Work to complete: Only those lines in the data below from the line containing "- Mate:97: base_:1 ↔ upper base:1" through the line containing "- Mate:107 (3 mm): HCM5883L:1 ↔ upper base:1", both included, should be restated word for word.

Segment Open

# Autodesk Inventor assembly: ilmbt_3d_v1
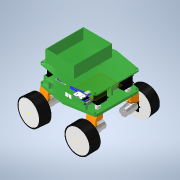
[picture p0: Inventor's stored thumbnail of the model, 180x180]
Saved by Autodesk Inventor 2021 (Build 250183000, 183)
## iProperties
Created: 2021-11-22
Part Number: ilmbt_3d_v1
Document SubType Name: Assembly
Designer: techv
Author: techv
## Documents named in this file (25)
- D:\Projects\P_Intelligent Line Marking Bot\Design\ilmbt_3d_v1\ilmbt_3d_v1.iam
- D:\Projects\P_Intelligent Line Marking Bot\Design\ilmbt_3d_v1\3d printing workspace.ipt
- D:\Projects\P_Intelligent Line Marking Bot\Design\ilmbt_3d_v1\base_.ipt
- D:\Projects\P_Intelligent Line Marking Bot\Design\LMBOT V3 80%\MG-958 servo_MIR.iam
- D:\Projects\P_Intelligent Line Marking Bot\Design\LMBOT V3 80%\knucle_MIR1.ipt
- D:\Projects\P_Intelligent Line Marking Bot\Design\LMBOT V3 80%\Symmetry of JGB37-520_MIR1.iam
- D:\Projects\P_Intelligent Line Marking Bot\Design\LMBOT V3 80%\wheel_MIR_MIR.ipt
- D:\Projects\P_Intelligent Line Marking Bot\Design\ilmbt_3d_v1\servo_shaft.ipt
- D:\Projects\P_Intelligent Line Marking Bot\Design\ilmbt_3d_v1\servo shaft flange.ipt
- D:\Projects\P_Intelligent Line Marking Bot\Design\ilmbt_3d_v1\servo flange.ipt
- C:\Users\techv\Documents\C drive Inventor Files\motor driver.ipt
- C:\Users\techv\Downloads\LM2596 DC-DC StepDown Converter v1.iam
- D:\Projects\P_Intelligent Line Marking Bot\Design\3D cad xrobot version\my designs\battery.ipt
- D:\Projects\A_Electronics CAD model\ublox-gps-1.snapshot.1\gps\parts\GPS_ublox_board.ipt
- C:\Users\techv\Documents\HCM5883L.ipt
- D:\Projects\A_Electronics CAD model\arduino-mega-atmega-2560-1.snapshot.3\Arduino Mega ATmega 2560.iam
- D:\Projects\A_Electronics CAD model\mpu-9250-9dof-imu-1.snapshot.4\MPU-9250.iam
- D:\Projects\A_Electronics CAD model\Raspberry Pi.ipt
- D:\Projects\P_Intelligent Line Marking Bot\Design\ilmbt_3d_v1\upper base.ipt
- D:\Projects\P_Intelligent Line Marking Bot\Design\ilmbt_3d_v1\ilmbt_3d_v1\AIP\FEA\dsofer334.fins
- D:\Projects\P_Intelligent Line Marking Bot\Design\ilmbt_3d_v1\ilmbt_3d_v1\AIP\FEA\dsofer334.fsat
- D:\Projects\P_Intelligent Line Marking Bot\Design\ilmbt_3d_v1\ilmbt_3d_v1\AIP\FEA\dsofer340.ftes
- D:\Projects\P_Intelligent Line Marking Bot\Design\ilmbt_3d_v1\ilmbt_3d_v1\AIP\FEA\dsofer340.fwiz
- D:\Projects\P_Intelligent Line Marking Bot\Design\ilmbt_3d_v1\ilmbt_3d_v1\AIP\FEA\dsofer36o.fmsh
- D:\Projects\P_Intelligent Line Marking Bot\Design\ilmbt_3d_v1\ilmbt_3d_v1\AIP\FEA\dsofer36p.fres
## Components (44 placed, 18 different names)
1. 3d printing workspace:1
2. base_:1 — Mate:13, Mate:14, Angle:2, Mate:15, Mate:18, Mate:22, Angle:3, Mate:24, Mate:25, Mate:26, Mate:60, Mate:61, Mate:66, Mate:68, Mate:69, Mate:70, Mate:90, Flush:43, Mate:91, Mate:92, Flush:44, Flush:45, Flush:47, Mate:93, Mate:94, Mate:95, Mate:97, Mate:98, Mate:99, Mate:109, Flush:56, Flush:57, Mate:111, Flush:60, Flush:61
3. MG-958 servo_MIR:2 [sub-assembly] — Angle:2, Mate:15, Flush:51, Flush:52, Flush:53, Flush:54
4. MG-958 servo_MIR:3 [sub-assembly] — Flush:49, Flush:50, Flush:55
5. MG-958 servo_MIR:4 [sub-assembly] — Flush:53, Flush:54, Flush:55
6. MG-958 servo_MIR:5 [sub-assembly] — Mate:17, Angle:3, Mate:23, Mate:94, Mate:95, Flush:49, Flush:50, Flush:51, Flush:52
7. knucle_MIR1:1 — Mate:8, Mate:9, Mate:10, Mate:13, Mate:14, Flush:5, Mate:21, Flush:6
8. Symmetry of JGB37-520_MIR1:1 [sub-assembly] — Mate:8, Mate:9, Mate:10, Mate:11, Mate:12
9. servo_shaft:1 — Flush:5, Mate:17, Mate:18, Mate:21, Flush:6
10. servo shaft flange:1
11. servo flange:1
12. motor driver:1 — Mate:22, Mate:23, Flush:8, Flush:12
13. motor driver:2 — Mate:24, Flush:12, Flush:13, Mate:90, Flush:43
14. motor driver:3 — Mate:25, Flush:13, Flush:14
15. motor driver:4 — Mate:26, Flush:8, Flush:14, Mate:91
16. LM2596 DC-DC StepDown Converter v1:1 [sub-assembly] — Mate:87, Flush:38, Flush:44
17. battery:1 — Flush:58, Flush:59, Mate:110
18. battery:2 — Mate:87, Mate:92, Flush:47, Mate:93, Flush:58, Flush:59, Mate:110
19. knucle_MIR1:2
20. Symmetry of JGB37-520_MIR1:2 [sub-assembly]
21. servo_shaft:2 — Mate:58, Mate:59, Mate:60, Mate:61
22. servo shaft flange:2 — Mate:55, Mate:56, Mate:57, Mate:58, Mate:59
23. servo flange:2 — Mate:55, Mate:56, Mate:57
24. knucle_MIR1:3
25. Symmetry of JGB37-520_MIR1:3 [sub-assembly]
26. wheel_MIR_MIR:1 — Mate:11, Mate:12
27. wheel_MIR_MIR:2
28. wheel_MIR_MIR:3
29. wheel_MIR_MIR:4
30. servo_shaft:3 — Mate:62, Flush:22, Mate:70
31. servo shaft flange:3 — Flush:23, Mate:71, Mate:72, Mate:73, Mate:74
32. servo flange:3 — Mate:72, Mate:73, Mate:74
33. knucle_MIR1:4
34. Symmetry of JGB37-520_MIR1:4 [sub-assembly]
35. servo_shaft:4 — Mate:68, Mate:69, Flush:23, Mate:71
36. servo shaft flange:4 — Mate:62, Flush:22, Mate:63, Mate:64, Mate:65, Mate:66
37. servo flange:4 — Mate:63, Mate:64, Mate:65
38. GPS_ublox_board:1 — Flush:39, Mate:102, Mate:108
39. HCM5883L:1 — Mate:107, Mate:108
40. Arduino Mega ATmega 2560:1 [sub-assembly] — Mate:111, Flush:60, Flush:61
41. MPU-9250:1 [sub-assembly] — Flush:39, Mate:103, Mate:105
42. Raspberry Pi:1 — Mate:109, Flush:56, Flush:57
43. LM2596 DC-DC StepDown Converter v1:2 [sub-assembly] — Flush:38, Flush:45
44. upper base:1 — Mate:97, Mate:98, Mate:99, Mate:102, Mate:103, Mate:105, Mate:107
## Relationships (106: Mate 71, Flush 33, Angle 2)
- Mate:8: knucle_MIR1:1 ↔ Symmetry of JGB37-520_MIR1:1
- Mate:9: knucle_MIR1:1 ↔ Symmetry of JGB37-520_MIR1:1
- Mate:10: knucle_MIR1:1 ↔ Symmetry of JGB37-520_MIR1:1
- Mate:11: Symmetry of JGB37-520_MIR1:1 ↔ wheel_MIR_MIR:1
- Mate:12 (10 mm): Symmetry of JGB37-520_MIR1:1 ↔ wheel_MIR_MIR:1
- Mate:13 (20 mm): base_:1 ↔ knucle_MIR1:1
- Mate:14 (40 mm): base_:1 ↔ knucle_MIR1:1
- Flush:5: knucle_MIR1:1 ↔ servo_shaft:1
- Angle:2 (0 deg): base_:1 ↔ MG-958 servo_MIR:2
- Mate:15: base_:1 ↔ MG-958 servo_MIR:2
- Mate:17: MG-958 servo_MIR:5 ↔ servo_shaft:1
- Mate:18: base_:1 ↔ servo_shaft:1
- Mate:21: knucle_MIR1:1 ↔ servo_shaft:1
- Flush:6: knucle_MIR1:1 ↔ servo_shaft:1
- Mate:22: base_:1 ↔ motor driver:1
- Angle:3 (0 deg): base_:1 ↔ MG-958 servo_MIR:5
- Mate:23 (15 mm): MG-958 servo_MIR:5 ↔ motor driver:1
- Mate:24: base_:1 ↔ motor driver:2
- Mate:25: base_:1 ↔ motor driver:3
- Mate:26: base_:1 ↔ motor driver:4
- Flush:8: motor driver:1 ↔ motor driver:4
- Flush:12: motor driver:1 ↔ motor driver:2
- Flush:13: motor driver:2 ↔ motor driver:3
- Flush:14: motor driver:3 ↔ motor driver:4
- [Mate]: knucle_MIR1:2 ↔ Symmetry of JGB37-520_MIR1:2
- [Mate]: knucle_MIR1:2 ↔ Symmetry of JGB37-520_MIR1:2
- [Mate]: knucle_MIR1:2 ↔ Symmetry of JGB37-520_MIR1:2
- [Mate]: Symmetry of JGB37-520_MIR1:2 ↔ wheel_MIR_MIR:2
- [Mate] (10 mm): Symmetry of JGB37-520_MIR1:2 ↔ wheel_MIR_MIR:2
- [Flush]: knucle_MIR1:2 ↔ servo_shaft:2
- [Mate]: knucle_MIR1:2 ↔ servo_shaft:2
- [Flush]: knucle_MIR1:2 ↔ servo_shaft:2
- [Mate]: knucle_MIR1:3 ↔ Symmetry of JGB37-520_MIR1:3
- [Mate]: knucle_MIR1:3 ↔ Symmetry of JGB37-520_MIR1:3
- [Mate]: knucle_MIR1:3 ↔ Symmetry of JGB37-520_MIR1:3
- [Mate]: Symmetry of JGB37-520_MIR1:3 ↔ wheel_MIR_MIR:3
- [Mate] (10 mm): Symmetry of JGB37-520_MIR1:3 ↔ wheel_MIR_MIR:3
- [Flush]: knucle_MIR1:3 ↔ servo_shaft:3
- [Mate]: knucle_MIR1:3 ↔ servo_shaft:3
- [Flush]: knucle_MIR1:3 ↔ servo_shaft:3
- [Mate]: knucle_MIR1:4 ↔ Symmetry of JGB37-520_MIR1:4
- [Mate]: knucle_MIR1:4 ↔ Symmetry of JGB37-520_MIR1:4
- [Mate]: knucle_MIR1:4 ↔ Symmetry of JGB37-520_MIR1:4
- [Mate]: wheel_MIR_MIR:4 ↔ Symmetry of JGB37-520_MIR1:4
- [Mate] (10 mm): wheel_MIR_MIR:4 ↔ Symmetry of JGB37-520_MIR1:4
- [Flush]: knucle_MIR1:4 ↔ servo_shaft:4
- [Mate]: knucle_MIR1:4 ↔ servo_shaft:4
- [Flush]: knucle_MIR1:4 ↔ servo_shaft:4
- Mate:55: servo shaft flange:2 ↔ servo flange:2
- Mate:56: servo shaft flange:2 ↔ servo flange:2
- Mate:57: servo shaft flange:2 ↔ servo flange:2
- Mate:58: servo_shaft:2 ↔ servo shaft flange:2
- Mate:59: servo_shaft:2 ↔ servo shaft flange:2
- Mate:60: base_:1 ↔ servo_shaft:2
- Mate:61: base_:1 ↔ servo_shaft:2
- Mate:62: servo_shaft:3 ↔ servo shaft flange:4
- Flush:22: servo_shaft:3 ↔ servo shaft flange:4
- Mate:63: servo shaft flange:4 ↔ servo flange:4
- Mate:64: servo shaft flange:4 ↔ servo flange:4
- Mate:65: servo shaft flange:4 ↔ servo flange:4
- Mate:66: base_:1 ↔ servo shaft flange:4
- Mate:68: base_:1 ↔ servo_shaft:4
- Mate:69: base_:1 ↔ servo_shaft:4
- Mate:70: base_:1 ↔ servo_shaft:3
- Flush:23: servo shaft flange:3 ↔ servo_shaft:4
- Mate:71: servo shaft flange:3 ↔ servo_shaft:4
- Mate:72: servo shaft flange:3 ↔ servo flange:3
- Mate:73: servo shaft flange:3 ↔ servo flange:3
- Mate:74: servo shaft flange:3 ↔ servo flange:3
- Mate:87 (15 mm): LM2596 DC-DC StepDown Converter v1:1 ↔ battery:2
- Flush:38: LM2596 DC-DC StepDown Converter v1:1 ↔ LM2596 DC-DC StepDown Converter v1:2
- Flush:39: GPS_ublox_board:1 ↔ MPU-9250:1
- Mate:90: base_:1 ↔ motor driver:2
- Flush:43: base_:1 ↔ motor driver:2
- Mate:91: base_:1 ↔ motor driver:4
- Mate:92: base_:1 ↔ battery:2
- Flush:44 (15 mm): base_:1 ↔ LM2596 DC-DC StepDown Converter v1:1
- Flush:45 (15 mm): base_:1 ↔ LM2596 DC-DC StepDown Converter v1:2
- Flush:47 (20 mm): base_:1 ↔ battery:2
- Mate:93 (25 mm): base_:1 ↔ battery:2
- Mate:94: base_:1 ↔ MG-958 servo_MIR:5
- Mate:95: base_:1 ↔ MG-958 servo_MIR:5
- Flush:49: MG-958 servo_MIR:3 ↔ MG-958 servo_MIR:5
- Flush:50: MG-958 servo_MIR:3 ↔ MG-958 servo_MIR:5
- Flush:51: MG-958 servo_MIR:2 ↔ MG-958 servo_MIR:5
- Flush:52: MG-958 servo_MIR:2 ↔ MG-958 servo_MIR:5
- Flush:53: MG-958 servo_MIR:2 ↔ MG-958 servo_MIR:4
- Flush:54: MG-958 servo_MIR:2 ↔ MG-958 servo_MIR:4
- Flush:55: MG-958 servo_MIR:3 ↔ MG-958 servo_MIR:4
- Mate:97: base_:1 ↔ upper base:1
- Mate:98: base_:1 ↔ upper base:1
- Mate:99 (70 mm): base_:1 ↔ upper base:1
- Mate:102 (3 mm): GPS_ublox_board:1 ↔ upper base:1
- Mate:103 (3 mm): MPU-9250:1 ↔ upper base:1
- Mate:105 (3 mm): MPU-9250:1 ↔ upper base:1
- Mate:107 (3 mm): HCM5883L:1 ↔ upper base:1
- Mate:108 (5 mm): GPS_ublox_board:1 ↔ HCM5883L:1
- Mate:109 (3 mm): base_:1 ↔ Raspberry Pi:1
- Flush:56: base_:1 ↔ Raspberry Pi:1
- Flush:57 (3 mm): base_:1 ↔ Raspberry Pi:1
- Flush:58: battery:1 ↔ battery:2
- Flush:59: battery:1 ↔ battery:2
- Mate:110: battery:1 ↔ battery:2
- Mate:111 (3 mm): base_:1 ↔ Arduino Mega ATmega 2560:1
- Flush:60: base_:1 ↔ Arduino Mega ATmega 2560:1
- Flush:61 (3 mm): base_:1 ↔ Arduino Mega ATmega 2560:1
## Named parameters: sa_0 = 1000, d72_d43 = 0 mm, d73_d44 = 0 mm, d74_d25 = 0 mm, d75_d26 = 0 mm, d76_d27 = 0 mm, d77_d28 = 0 mm, d78_d29 = 10 mm, d79_d32 = 0 mm, d80_d43 = 0 mm, d81_d44 = 0 mm, d82_d25 = 0 mm, d83_d26 = 0 mm, d84_d27 = 0 mm, d85_d28 = 0 mm, d86_d29 = 10 mm, d87_d32 = 0 mm, d88_d43 = 0 mm, d89_d44 = 0 mm, d90_d25 = 0 mm, d91_d26 = 0 mm, d92_d27 = 0 mm, d93_d28 = 0 mm, d94_d29 = 10 mm, d95_d32 = 0 mm
note: some values were not read from the file. Shown as the stored number, unit unknown: "sa_0".

Segment Closed

Task solution:
- Mate:97: base_:1 ↔ upper base:1
- Mate:98: base_:1 ↔ upper base:1
- Mate:99 (70 mm): base_:1 ↔ upper base:1
- Mate:102 (3 mm): GPS_ublox_board:1 ↔ upper base:1
- Mate:103 (3 mm): MPU-9250:1 ↔ upper base:1
- Mate:105 (3 mm): MPU-9250:1 ↔ upper base:1
- Mate:107 (3 mm): HCM5883L:1 ↔ upper base:1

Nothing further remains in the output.